- EXERCISE GOAL
Each line below that contains "FURNITURE" should be counted; give the total alone.

Extracted data entries:
=======

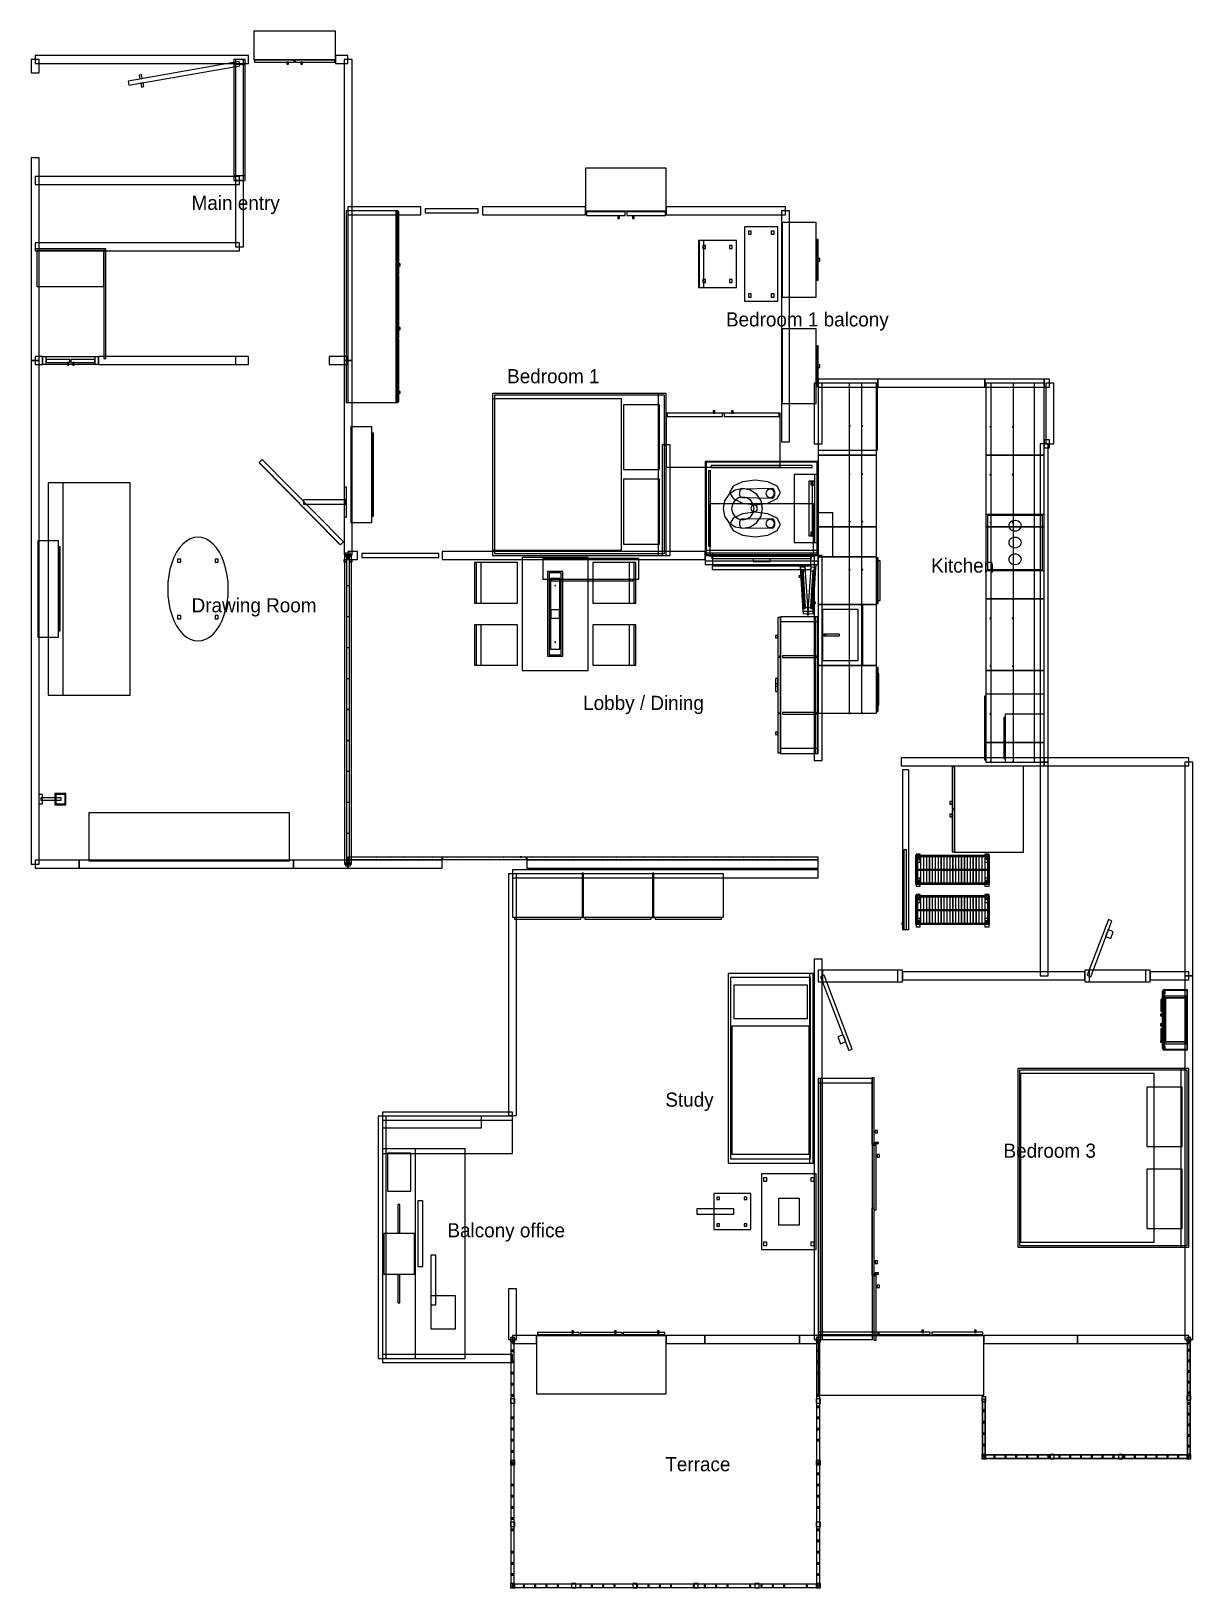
# Model space of a CAD drawing. Header units: millimetres. Extents: x -13255 to -918, y 1345 to 17871.
import ezdxf

# ---------------------------------------------------------------- set-up
doc = ezdxf.new("R2010")
doc.units = ezdxf.units.MM
for name, color, linetype in [('FURNITURE', 8, 'CONTINUOUS'), ('ROOM_LABELS', 3, 'CONTINUOUS'), ('WALLS', 7, 'CONTINUOUS'), ('WINDOWS', 4, 'CONTINUOUS')]:
    doc.layers.add(name, color=color, linetype=linetype)

msp = doc.modelspace()

# ---------------------------------------------------------------- linework, layer by layer
at = {"layer": 'FURNITURE'}
for points in [[(-10889, 17566), (-10024, 17566), (-10024, 17871), (-10889, 17871)], [(-12225, 17341), (-12217, 17296), (-11038, 17504), (-11046, 17548)], [(-11102, 17521), (-10982, 17521), (-10982, 17571), (-11102, 17571)], [(-11102, 16284), (-10982, 16284), (-10982, 17571), (-11102, 17571)], [(-11085, 16284), (-11000, 16284), (-11000, 17571), (-11085, 17571)], [(-10883, 17541), (-10462, 17541), (-10462, 17566), (-10883, 17566)], [(-10539, 17520), (-10521, 17520), (-10521, 17542), (-10539, 17542)], [(-10450, 17541), (-10030, 17541), (-10030, 17566), (-10450, 17566)], [(-10392, 17520), (-10374, 17520), (-10374, 17542), (-10392, 17542)], [(-12106, 17404), (-12099, 17364), (-12075, 17368), (-12082, 17408)], [(-12091, 17317), (-12084, 17277), (-12059, 17282), (-12066, 17321)], [(-7367, 15963), (-6510, 15963), (-6510, 16415), (-7367, 16415)], [(-11102, 16284), (-10982, 16284), (-10982, 16334), (-11102, 16334)], [(-9908, 13930), (-9360, 13930), (-9360, 15963), (-9908, 15963)], [(-9890, 13930), (-9378, 13930), (-9378, 15963), (-9890, 15963)], [(-9376, 15292), (-9351, 15292), (-9351, 15956), (-9376, 15956)], [(-9072, 15943), (-8508, 15943), (-8508, 15983), (-9072, 15983)], [(-7358, 15915), (-6948, 15915), (-6948, 15954), (-7358, 15954)], [(-7025, 15881), (-7007, 15881), (-7007, 15909), (-7025, 15909)], [(-6929, 15915), (-6519, 15915), (-6519, 15954), (-6929, 15954)], [(-6870, 15881), (-6852, 15881), (-6852, 15909), (-6870, 15909)], [(-5678, 15003), (-5326, 15003), (-5326, 15793), (-5678, 15793)], [(-5638, 15714), (-5608, 15714), (-5608, 15748), (-5638, 15748)], [(-5396, 15714), (-5366, 15714), (-5366, 15748), (-5396, 15748)], [(-5280, 15048), (-4917, 15048), (-4917, 15839), (-5280, 15839)], [(-13212, 15541), (-12463, 15541), (-12463, 15561), (-13212, 15561)], [(-13193, 15159), (-12482, 15159), (-12482, 15541), (-13193, 15541)], [(-12482, 14395), (-12463, 14395), (-12463, 15541), (-12482, 15541)], [(-6167, 15150), (-5764, 15150), (-5764, 15647), (-6167, 15647)], [(-6162, 15150), (-6112, 15150), (-6112, 15647), (-6162, 15647)], [(-6121, 15563), (-6093, 15563), (-6093, 15595), (-6121, 15595)], [(-5839, 15563), (-5811, 15563), (-5811, 15595), (-5839, 15595)], [(-4916, 15229), (-4898, 15229), (-4898, 15658), (-4916, 15658)], [(-9353, 15381), (-9335, 15381), (-9335, 15402), (-9353, 15402)], [(-4905, 15429), (-4880, 15429), (-4880, 15457), (-4905, 15457)], [(-9376, 14614), (-9351, 14614), (-9351, 15278), (-9376, 15278)], [(-6121, 15202), (-6093, 15202), (-6093, 15233), (-6121, 15233)], [(-5839, 15202), (-5811, 15202), (-5811, 15233), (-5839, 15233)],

=======

- RESPONSE FOR THIS EXERCISE
2